The first deployments were carried out by MIPS, and then competencies were transferred to Professor Lepage’s 15-person team, made up of both experts in the field and IT professionals. “AP-HP decided to manage its IT system using internal resources, with the necessary core competencies. This is indispensable in the medical field,” Professor Lepage highlights.

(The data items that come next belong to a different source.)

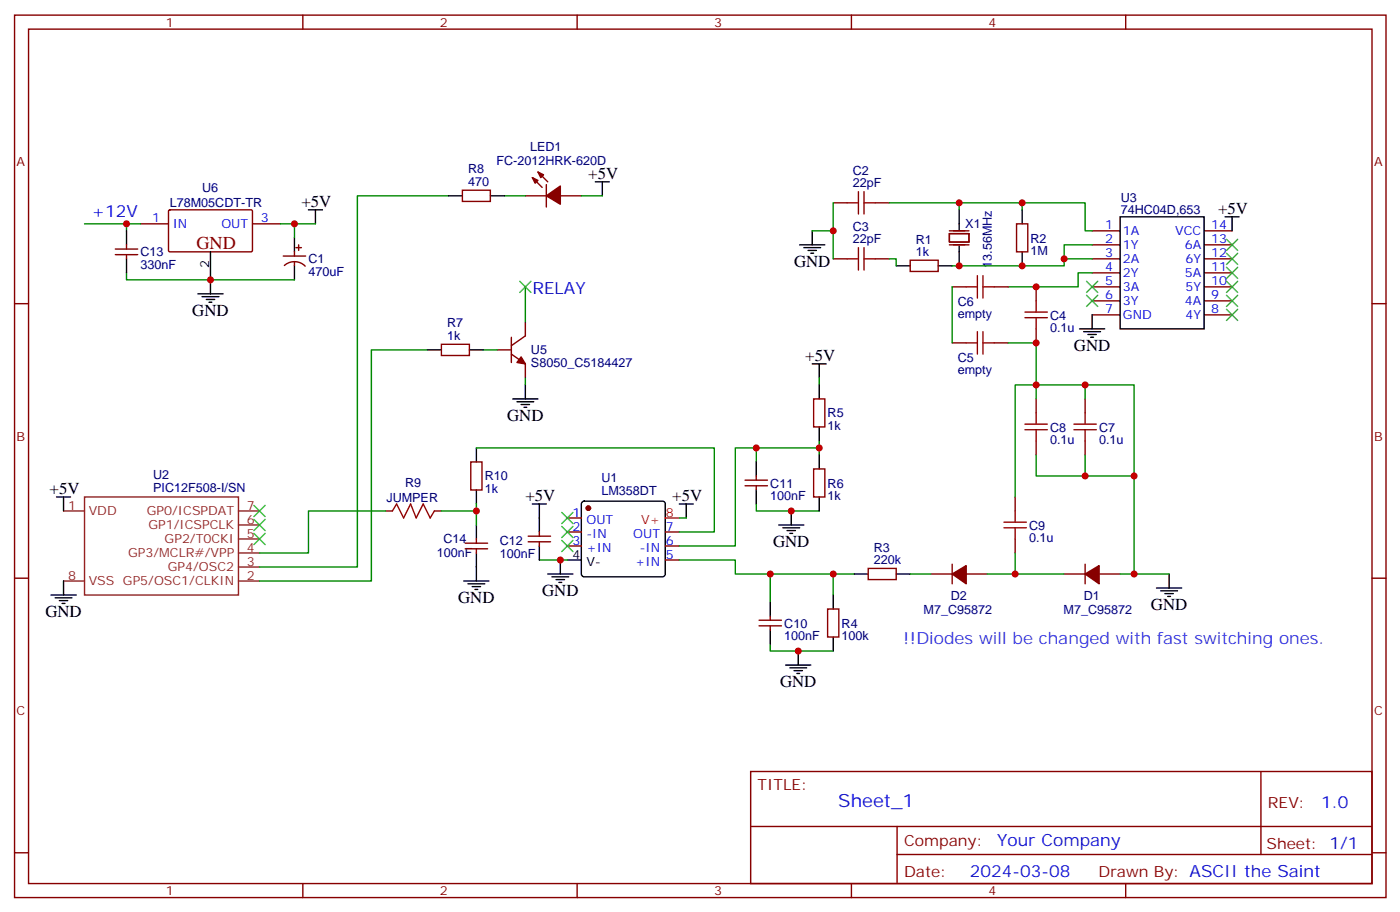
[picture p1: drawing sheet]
<svg xmlns="http://www.w3.org/2000/svg" width="353mm" height="230mm" viewBox="0 0 353 230" stroke-linecap="round" stroke-linejoin="round" font-family="sans-serif">
<g fill="none" stroke="#870000" stroke-width=".35">
<path d="M3.7 3.8h345.7v222.3h-345.7zM7.2 7.3h338.7v215.2h-338.7zM76.3 3.8v3.5M145.5 3.8v3.5M214.6 3.8v3.5M283.8 3.8v3.5M35.4 56.4h7.1M42.5 53l.3-.2 20.7 .1 .1 .3v10.1l-.3 .1h-20.7l-.1-.3zM63.6 56.4h7.1M116.6 47.9h7v2.8h-7zM132.4 49.3h5.3M134.2 44.7l2.5 2.5"/>
<path d="M135.6 43.3l2.5 2.5M137.7 46.5v5.6M141.3 49.3h5.2M210 51.1h3.6M220.6 51.1h3.6M239.3 58.8h5v2.2h-5zM239.3 58.1h5M256.3 56.4h2.8v7h-2.8zM275.3 58.1h7.1M303.5 58.1h7.1M3.7 76.5h3.5M29.1 64.1h5.6"/>
<path d="M29.1 62.7h5.6M31.9 61.7v1M31.9 64.1v1.1M71.4 64.5h5.6M71.7 66.9a3.8 3.8 0 0 1 5.2 .1M74.2 63.4v1.1M74.2 65.9v1.1M74.6 62.4h1.4M75.3 61.7v1.4M210 65.2h3.6M220.6 65.2h3.6M229.4 65.5h7.1v2.9h-7.1z"/>
<path d="M239.3 61.7h5M240 72.2h3.6M250.6 72.2h3.5M261.2 72.2v3.6M275.3 61.7h7.1M275.3 65.2h7.1M275.3 68.7h7.1M275.3 72.2h7.1M275.3 75.8h7.1M275.3 79.3h7.1M303.5 61.7h7.1M303.5 65.2h7.1"/>
<path d="M303.5 68.7h7.1M303.5 72.2h7.1M303.5 75.8h7.1M303.5 79.3h7.1M345.9 76.5h3.5M111.3 86.7h7v2.8h-7zM125.4 88.1h3.5M128.9 84.9v6.4M128.9 89.2l3.5 2.5v3.5M132.4 81.1v3.5l-3.5 2.5M240 86.4h3.6M250.6 86.4h3.5"/>
<path d="M261.2 82.8v3.6M118.7 116.3h2.8v7.1h-2.8zM190.6 119.9v1M205.1 100.5h2.8v7h-2.8zM205.1 118.1h2.8v7.1h-2.8zM261.2 100.5v3.5M261.2 111.1v3.5M273.5 100.5v3.5M273.5 111.1v3.5M97.2 128.7h1.7M109.5 128.7h1.8M117.3 138.2h5.6"/>
<path d="M117.3 136.8h5.6M120.1 135.7v1.1M120.1 138.2v1.1M133.1 136.5h5.7M133.1 135h5.7M136 134v1M136 136.5v1M143 130.5h3.5M143 134h3.5M143 137.5h3.5M167.7 134h3.5M167.7 137.5h3.5"/>
<path d="M187.8 122.3h5.7M187.8 120.9h5.7M190.6 122.3v1.1M255.9 125.2v3.5M255.9 135.7v3.6M3.7 145.6h3.5M167.7 141h3.5M191.3 157.6h5.7M191.3 156.2h5.7M194.2 155.2v1M194.2 157.6v1.1M208.6 153.4h2.9v7h-2.9z"/>
<path d="M218.9 143.2h7v2.8h-7zM234.7 144.6h5.3M240 142.1v4.9M243.6 144.6h5.2M268.3 144.6h5.2M273.5 142.1v4.9M277.1 144.6h5.3M345.9 145.6h3.5M189.2 194.3h156.7v28.2h-156.7zM317.9 194.3v20.9M3.7 214.8h3.5M189.3 208.2h156.4"/>
<path d="M226.1 215.2h119.6M226.1 208.2v14.1M345.9 214.8h3.5M76.3 222.5v3.6M145.5 222.5v3.6M214.6 222.5v3.6M283.8 222.5v3.6"/>
</g>
<g fill="none" stroke="#000" stroke-width=".35">
<path d="M31.9 58.1v3.6M74.2 59.9v3.5M77.8 52.8h3.5M79.5 52.8v3.6M113 49.3h3.6M123.6 49.3h3.5M150.1 45.8h3.5M151.8 45.8v3.5M204.8 58.1v3.6M241.8 52.8v5M257.7 52.8v3.6M282.4 54.6h21.1v28.2h-21.1z"/>
<path d="M308.8 54.6h3.5M310.6 54.6v3.5M31.9 65.2v3.5M49.9 74h6.3M50.9 74.7h4.3M52 75.4h2.1M52.7 76.1h.7M53.1 63.4v10.6M74.2 67v3.5M201.6 61.7h6.3M202.6 62.4h4.3M203.7 63.1h2.1"/>
<path d="M204.4 63.8h.7M225.9 67h3.5M236.5 67h3.5M241.8 62v5M257.7 63.4v3.6M275.3 79.3v3.5M107.7 88.1h3.6M118.3 88.1h3.5M132.4 96.9v3.6M204.8 91.7h3.5M206.5 91.7v3.5M206.5 96.9v3.6"/>
<path d="M272.1 82.8h6.4M273.2 83.5h4.2M274.2 84.2h2.2M275 84.9h.7M120.1 112.8v3.5M129.3 100.5h6.3M130.3 101.2h4.2M131.4 101.9h2.1M132.1 102.6h.7M190.6 116.3v3.6M206.5 107.5v3.6M206.5 114.6v3.5"/>
<path d="M14.3 125.2h3.5M16 125.2v3.5M120.1 123.4v3.5M120.1 132.2v3.5M120.1 139.3v7M134.2 126.9h3.5M136 126.9v7.1M136 137.5v3.5M146.8 126.4l.4-.2h19.8a.71 .71 0 0 1 .7 .7v17.7l-.2 .5-.5 .2h-19.8l-.4-.3-.3-.4v-17.7zM171.2 126.9h3.6M173 126.9v3.6M190.6 123.4v3.5"/>
<path d="M196.3 132.2h6.3M197.3 132.9h4.3M198.4 133.6h2.1M199.1 134.3h.7M199.5 128.7v3.5M206.5 125.2v3.5M12.8 149.9h6.4M13.9 150.6h4.2M15 151.3h2.1M15.7 152h.7M16 146.3v3.6M116.9 146.3h6.4"/>
<path d="M118 147h4.2M119 147.7h2.1M119.7 148.4h.7M138.1 144.6h6.3M139.1 145.3h4.3M140.2 146h2.1M140.9 146.7h.7M141.3 141v3.6M143 141h3.5M194.2 151.6v3.6M194.2 158.7v3.5M210 149.9v3.5"/>
<path d="M215.3 144.6h3.6M225.9 144.6h3.5M291.5 148.1h6.4M292.6 148.8h4.2M293.7 149.5h2.1M294.4 150.2h.7M294.7 144.6v3.5M198 167.5h6.4M199.1 168.2h4.2M200.2 168.9h2.1M200.9 169.6h.7M201.2 164v3.5"/>
<path d="M210 160.4v3.6"/>
</g>
<g fill="#870000" stroke="#870000" stroke-width=".35">
<path d="M131.4 89.9l1 1.8-2.1-.4z"/>
<path d="M273.5 144.6l3.6-2.1v4.5z"/>
<path d="M240 144.6l3.6-2.1v4.5z"/>
<path d="M134.2 44.7l1.4 .7-.7 .7z"/>
<path d="M135.6 43.3l1.4 .7-.7 .7z"/>
<path d="M137.7 49.3l3.6-2.5v4.6z"/>
<circle cx="148.3" cy="128" r=".53"/>
</g>
<path d="M167.7 130.5h3.5" fill="none" stroke="#f00" stroke-width=".35"/>
<path d="M16 128.7h5.3M21.3 125.2h38.8v24.7h-38.8zM60.1 128.7h5.3M60.1 139.3h5.3M60.1 135.7h5.3M60.1 132.2h5.3M16 146.3h5.3M60.1 146.3h5.3M60.1 142.8h5.3" fill="none" stroke="#8c2424" stroke-width=".35"/>
<g fill="none" stroke="#a10000" stroke-width=".35">
<path d="M213.6 51.1h2.8M216.4 48.3v5.6M217.8 51.1h2.8M217.8 48.3v5.6M213.6 65.2h2.8M216.4 62.4v5.6M217.8 62.4v5.6M217.8 65.2h2.8M243.6 72.2h2.8M246.4 69.4v5.7M247.8 69.4v5.7M247.8 72.2h2.8"/>
<path d="M258.4 78.6h5.6M261.2 75.8v2.8M243.6 86.4h2.8M246.4 83.5v5.7M247.8 86.4h2.8M247.8 83.5v5.7M258.4 80h5.6M261.2 80v2.8M258.4 108.2h5.6M258.4 106.8h5.6M261.2 104v2.8M261.2 108.2v2.9"/>
<path d="M270.7 108.2h5.7M270.7 106.8h5.7M273.5 104v2.8M273.5 108.2v2.9M98.9 128.7l1.1-1.8 1.7 3.6 1.8-3.6 1.4 3.6 1.8-3.6 1.7 3.6 1.1-1.8M253.1 132.9h5.6M253.1 131.5h5.6M255.9 128.7v2.8M255.9 132.9v2.8"/>
</g>
<g fill="none" stroke="#008700" stroke-width=".35">
<path d="M21.3 56.4h14.1M31.9 56.4v1.7M70.7 56.4h8.8M74.2 56.4v3.5M113 49.3h-22.9v93.5h-24.7M127.1 49.3h5.3M146.5 49.3h5.3M204.8 58.1h5.2M210 51.1v14.1M224.2 51.1h49.3v7h1.8M241.8 51.1v1.7M257.7 51.1v1.7"/>
<path d="M31.9 68.7v1.8h42.3M132.4 72.2v8.9M224.2 65.2h1.7v1.8M240 72.2v14.2M268.3 65.2h7M275.3 61.7h-7v5.3h-28.3M275.3 68.7h-3.5v3.5h-17.7M107.7 88.1h-14.1v58.2h-28.2M121.8 88.1h3.6M132.4 95.2v1.7M206.5 95.2v1.7M254.1 86.4h7.1v10.5h24.7v47.7h-3.5"/>
<path d="M273.5 96.9v3.6M120.1 112.8h60v21.2h-8.9M190.6 112.8h-5.3v24.7h-14.1M206.5 112.8h-15.9v3.5M206.5 111.1v3.5M261.2 114.6v5.3h12.3M261.2 100.5v-3.6h-5.3v28.3M273.5 114.6v5.3h12.4M97.2 128.7h-19.4v10.6h-12.4M111.3 128.7h8.8M120.1 126.9v5.3M171.2 130.5h1.8"/>
<path d="M190.6 126.9v1.8h15.9M255.9 139.3v5.3h12.4M136 141h7M171.2 141h14.1v3.6h30M194.2 144.6v7M210 144.6v5.3M229.4 144.6h5.3M248.8 144.6h7.1M285.9 144.6h8.8M194.2 162.2v1.8h15.8"/>
</g>
<g fill="none" stroke="#3c3" stroke-width=".35">
<path d="M131 70.8l2.8 2.9M133.8 70.8l-2.8 2.9M273.9 70.8l2.8 2.9M273.9 74.4l2.8 2.8M276.7 70.8l-2.8 2.9M276.7 74.4l-2.8 2.8M309.2 60.3l2.8 2.8M309.2 63.8l2.8 2.8M309.2 67.3l2.8 2.8M309.2 70.8l2.8 2.9M309.2 74.4l2.8 2.8M309.2 77.9l2.8 2.8"/>
<path d="M312 60.3l-2.8 2.8M312 63.8l-2.8 2.8M312 67.3l-2.8 2.8M312 70.8l-2.8 2.9M312 74.4l-2.8 2.8M312 77.9l-2.8 2.8M64 134.3l2.8 2.9M64 130.8l2.8 2.8M64 127.3l2.8 2.8M66.8 134.3l-2.8 2.9M66.8 130.8l-2.8 2.8M66.8 127.3l-2.8 2.8"/>
<path d="M141.6 129l2.8 2.9M141.6 132.6l2.8 2.8M141.6 136.1l2.8 2.8M144.4 129l-2.8 2.9M144.4 132.6l-2.8 2.8M144.4 136.1l-2.8 2.8"/>
</g>
<g fill="#c00">
<circle cx="257.7" cy="51.1" r=".88"/>
<circle cx="241.8" cy="51.1" r=".88"/>
<circle cx="210" cy="58.1" r=".88"/>
<circle cx="268.3" cy="65.2" r=".88"/>
<circle cx="241.8" cy="67" r=".88"/>
<circle cx="257.7" cy="67" r=".88"/>
<circle cx="261.2" cy="72.2" r=".88"/>
<circle cx="261.2" cy="86.4" r=".88"/>
<circle cx="273.5" cy="96.9" r=".88"/>
<circle cx="285.9" cy="119.9" r=".88"/>
<circle cx="261.2" cy="96.9" r=".88"/>
<circle cx="273.5" cy="119.9" r=".88"/>
<circle cx="255.9" cy="144.6" r=".88"/>
<circle cx="199.5" cy="128.7" r=".88"/>
<circle cx="206.5" cy="112.8" r=".88"/>
<circle cx="190.6" cy="112.8" r=".88"/>
<circle cx="194.2" cy="144.6" r=".88"/>
<circle cx="210" cy="144.6" r=".88"/>
<circle cx="201.2" cy="164" r=".88"/>
<circle cx="74.2" cy="56.4" r=".88"/>
<circle cx="141.3" cy="141" r=".88"/>
<circle cx="53.1" cy="70.5" r=".88"/>
<circle cx="31.9" cy="56.4" r=".88"/>
<circle cx="120.1" cy="128.7" r=".88"/>
<circle cx="285.9" cy="144.6" r=".88"/>
</g>
<text font-size="4.6" fill="#800" x="49.5" y="62.7">GND</text>
<text font-size="4.6" fill="#00f" x="211.3" y="203.3">Sheet_1</text>
<g font-size="4.2">
<text x="148.3" y="45.1">+5V</text>
<text x="76" y="52.1">+5V</text>
<text x="307.1" y="53.9">+5V</text>
<text x="200.2" y="67.3">GND</text>
<text x="48.5" y="79.7">GND</text>
<text x="270.7" y="88.5">GND</text>
<text x="203" y="90.9">+5V</text>
<text x="127.8" y="106.1">GND</text>
<text x="12.5" y="124.5">+5V</text>
<text x="132.4" y="126.2">+5V</text>
<text x="169.5" y="126.2">+5V</text>
<text x="194.9" y="137.9">GND</text>
<text x="11.4" y="155.5">GND</text>
<text x="115.5" y="152">GND</text>
<text x="136.7" y="150.2">GND</text>
<text x="290.1" y="153.7">GND</text>
<text x="196.6" y="173.1">GND</text>
</g>
<g font-size="4.2" fill="#00f">
<text x="23.1" y="54.6">+12V</text>
<text x="134.2" y="74">RELAY</text>
<text x="333" y="203.6">1.0</text>
<text x="251.4" y="213.1">Your Company</text>
<text x="244.5" y="220.9">2024-03-08</text>
</g>
<text font-size="4.2" fill="#33f" x="227.7" y="162.2">!!Diodes will be changed with fast switching ones.</text>
<g font-size="3.9" fill="#800">
<text x="191" y="198.9">TITLE:</text>
<text x="319.6" y="203.6">REV:</text>
<text x="227.9" y="213.1">Company:</text>
<text x="319.3" y="213.7">Sheet: 1/1</text>
<text x="227.9" y="220.8">Date:</text>
<text x="276.9" y="220.9">Drawn By: ASCII the Saint</text>
</g>
<g font-size="3.2" fill="#800">
<text x="41.8" y="6.8">1</text>
<text x="110.9" y="6.8">2</text>
<text x="180.1" y="6.8">3</text>
<text x="249.2" y="6.8">4</text>
<text x="4.2" y="41.9">A</text>
<text x="346.4" y="41.9">A</text>
<text x="4.2" y="111.1">B</text>
<text x="346.4" y="111.1">B</text>
<text x="4.2" y="180.2">C</text>
<text x="346.4" y="180.2">C</text>
<text x="41.8" y="225.5">1</text>
<text x="110.9" y="225.5">2</text>
<text x="180.1" y="225.5">3</text>
<text x="249.2" y="225.5">4</text>
</g>
<g font-size="3.2" fill="#000080">
<text x="125.1" y="41.6">FC-2012HRK-620D</text>
<text x="133.6" y="38.1">LED1</text>
<text x="118" y="46.8">470</text>
<text x="118" y="43.7">R8</text>
<text x="215" y="47.2">22pF</text>
<text x="215" y="44.1">C2</text>
<text x="42.8" y="52.2">L78M05CDT-TR</text>
<text x="51" y="48.4">U6</text>
<text x="282.5" y="54">74HC04D,653</text>
<text x="282.5" y="50.8">U3</text>
<text x="215" y="58.2">C3</text>
<text x="243.3" y="57.5">X1</text>
<text x="35.4" y="64.5">C13</text>
<text x="215" y="61.3">22pF</text>
<text x="230.9" y="64.5">1k</text>
<text x="230.9" y="61.4">R1</text>
<text x="259.8" y="64.2">1M</text>
<text x="259.8" y="61.1">R2</text>
<text x="35.4" y="67.8">330nF</text>
<text x="77.8" y="69.5">470uF</text>
<text x="77.8" y="66.3">C1</text>
<text x="250" y="67.4" transform="rotate(-90 250 67.4)">13.56MHz</text>
<text x="241.5" y="77">C6</text>
<text x="112.7" y="82.5">R7</text>
<text x="241.5" y="80.1">empty</text>
<text x="264.7" y="83.6">0.1u</text>
<text x="264.7" y="80.5">C4</text>
<text x="112.7" y="85.7">1k</text>
<text x="133.8" y="89.3">U5</text>
<text x="133.8" y="92.5">S8050_C5184427</text>
<text x="241.5" y="94.2">empty</text>
<text x="241.5" y="91.1">C5</text>
<text x="208.6" y="105.1">R5</text>
<text x="208.6" y="108.3">1k</text>
<text x="264.7" y="111.8">0.1u</text>
<text x="264.7" y="108.7">C8</text>
<text x="277.1" y="111.8">0.1u</text>
<text x="277.1" y="108.7">C7</text>
<text x="38.6" y="123.9">PIC12F508-I/SN</text>
<text x="38.6" y="120.8">U2</text>
<text x="102.1" y="122.7">R9</text>
<text x="122.2" y="124.2">1k</text>
<text x="122.2" y="121">R10</text>
<text x="151.6" y="124.6">LM358DT</text>
<text x="151.6" y="121.4">U1</text>
<text x="194.2" y="125.9">100nF</text>
<text x="194.2" y="122.8">C11</text>
<text x="208.6" y="126">1k</text>
<text x="208.6" y="122.8">R6</text>
<text x="97.4" y="126.3">JUMPER</text>
<text x="111.8" y="136.9">C14</text>
<text x="126" y="137.3">C12</text>
<text x="259.4" y="136.5">0.1u</text>
<text x="259.4" y="133.4">C9</text>
<text x="110.1" y="140.4">100nF</text>
<text x="126" y="140.4">100nF</text>
<text x="220.3" y="142.1">220k</text>
<text x="220.3" y="139">R3</text>
<text x="232.8" y="154.5">M7_C95872</text>
<text x="239.7" y="151">D2</text>
<text x="268.1" y="154.5">M7_C95872</text>
<text x="273.2" y="151">D1</text>
<text x="197.7" y="161.2">100nF</text>
<text x="197.7" y="158.1">C10</text>
<text x="212.2" y="161.2">100k</text>
<text x="212.2" y="158.1">R4</text>
</g>
<g font-size="3.2" fill="#00f">
<text x="38.3" y="56">1</text>
<text x="43.5" y="57.4">IN</text>
<text x="55.8" y="57.4">OUT</text>
<text x="65.8" y="56">3</text>
<text x="278.6" y="57.8">1</text>
<text x="283.1" y="59.2">1A</text>
<text x="296.2" y="59.2">VCC</text>
<text x="305.3" y="57.8">14</text>
<text x="278.6" y="61.3">2</text>
<text x="278.6" y="64.8">3</text>
<text x="283.1" y="62.7">1Y</text>
<text x="298.6" y="62.7">6A</text>
<text x="305.3" y="64.8">12</text>
<text x="305.3" y="61.3">13</text>
<text x="278.6" y="68.4">4</text>
<text x="278.6" y="71.9">5</text>
<text x="283.1" y="66.3">2A</text>
<text x="283.1" y="69.8">2Y</text>
<text x="298.6" y="69.8">5A</text>
<text x="298.9" y="66.3">6Y</text>
<text x="305.3" y="71.9">10</text>
<text x="305.3" y="68.4">11</text>
<text x="278.6" y="75.4">6</text>
<text x="283.1" y="73.3">3A</text>
<text x="283.1" y="76.8">3Y</text>
<text x="298.6" y="76.8">4A</text>
<text x="298.9" y="73.3">5Y</text>
<text x="305.3" y="75.4">9</text>
<text x="278.6" y="79">7</text>
<text x="283.1" y="80.4">GND</text>
<text x="298.9" y="80.4">4Y</text>
<text x="305.3" y="79">8</text>
<text x="144.4" y="130.1">1</text>
<text x="147.8" y="131.9">OUT</text>
<text x="144.4" y="133.6">2</text>
<text x="144.4" y="137.2">3</text>
<text x="147.8" y="135.4">-IN</text>
<text x="159.6" y="135.4">OUT</text>
<text x="167.9" y="137.2">6</text>
<text x="167.9" y="133.6">7</text>
<text x="147.8" y="138.9">+IN</text>
<text x="160.1" y="142.5">+IN</text>
<text x="161.3" y="138.9">-IN</text>
<text x="167.9" y="140.7">5</text>
</g>
<g font-size="3.2">
<text x="52.7" y="67.6" transform="rotate(-90 52.7 67.6)">2</text>
<text x="144.4" y="140.7">4</text>
<text x="147.8" y="142.5">V-</text>
</g>
<g font-size="3.2" fill="#8d2323">
<text x="17.2" y="128.3">1</text>
<text x="22.4" y="129.8">VDD</text>
<text x="37" y="129.8">GP0/ICSPDAT</text>
<text x="62.2" y="131.9">6</text>
<text x="62.2" y="128.3">7</text>
<text x="37.4" y="133.3">GP1/ICSPCLK</text>
<text x="41.5" y="136.8">GP2/T0CKI</text>
<text x="62.2" y="135.4">5</text>
<text x="32.3" y="140.3">GP3/MCLR#/VPP</text>
<text x="42.3" y="143.9">GP4/OSC2</text>
<text x="62.2" y="142.5">3</text>
<text x="62.2" y="138.9">4</text>
<text x="17.2" y="146">8</text>
<text x="22.4" y="147.4">VSS GP5/OSC1/CLKIN</text>
<text x="62.2" y="146">2</text>
</g>
<g font-size="3.2" fill="#f00">
<text x="161.6" y="131.9">V+</text>
<text x="167.9" y="130.1">8</text>
</g>
</svg>

The French public health code requires that, as of November 1 2016, all laboratories must be accredited in order to continue to carry out their activities. “The accreditation requires laboratories to be able to show their ability to conduct analyses in complete security for the patients,” concludes Professor Lepage. “Within this process, it is obvious that the laboratory management solution, in this case GLIMS, strongly contributes to the security and quality of the exams.”

Solution & benefits

Solution:

  • Functional coverage for all types of laboratory exams: biochemistry, haematology, immunology, pharmacology, toxicology, etc.
  • Feature-rich functionality: speed, performance, flexibility of configuration and architecture, scalability, automation, etc.
  • Evolutive and natively multi-site solution that uses a single database.
  • Can be integrated with information systems using industry standards.
  • Complete traceability, which is a significant advantage for achieving accreditation.

Benefits:

  • Improves the quality of work of laboratory personnel, by providing a modern, secure system with rich functionality.
  • Allows sharing of resources and data by the laboratories for cost-effectiveness in line with AP-HP’s goal of restructuring and modernising.
  • Removes obstacles, and smoothes the coordination and sharing of best practices that contribute to performance and patient care quality.
  • Provides a single access point to the patient’s diagnostics record.
  • Supports the standardisation of exchanges within the information system applications.

Prof. E. Lepage

Director Patient Information System Competence & Service

GLIMS perfectly responded to the laboratories‘ needs for information sharing and openness, supporting the restructuring, and contributing to the overall objectives of modernising the AP-HP.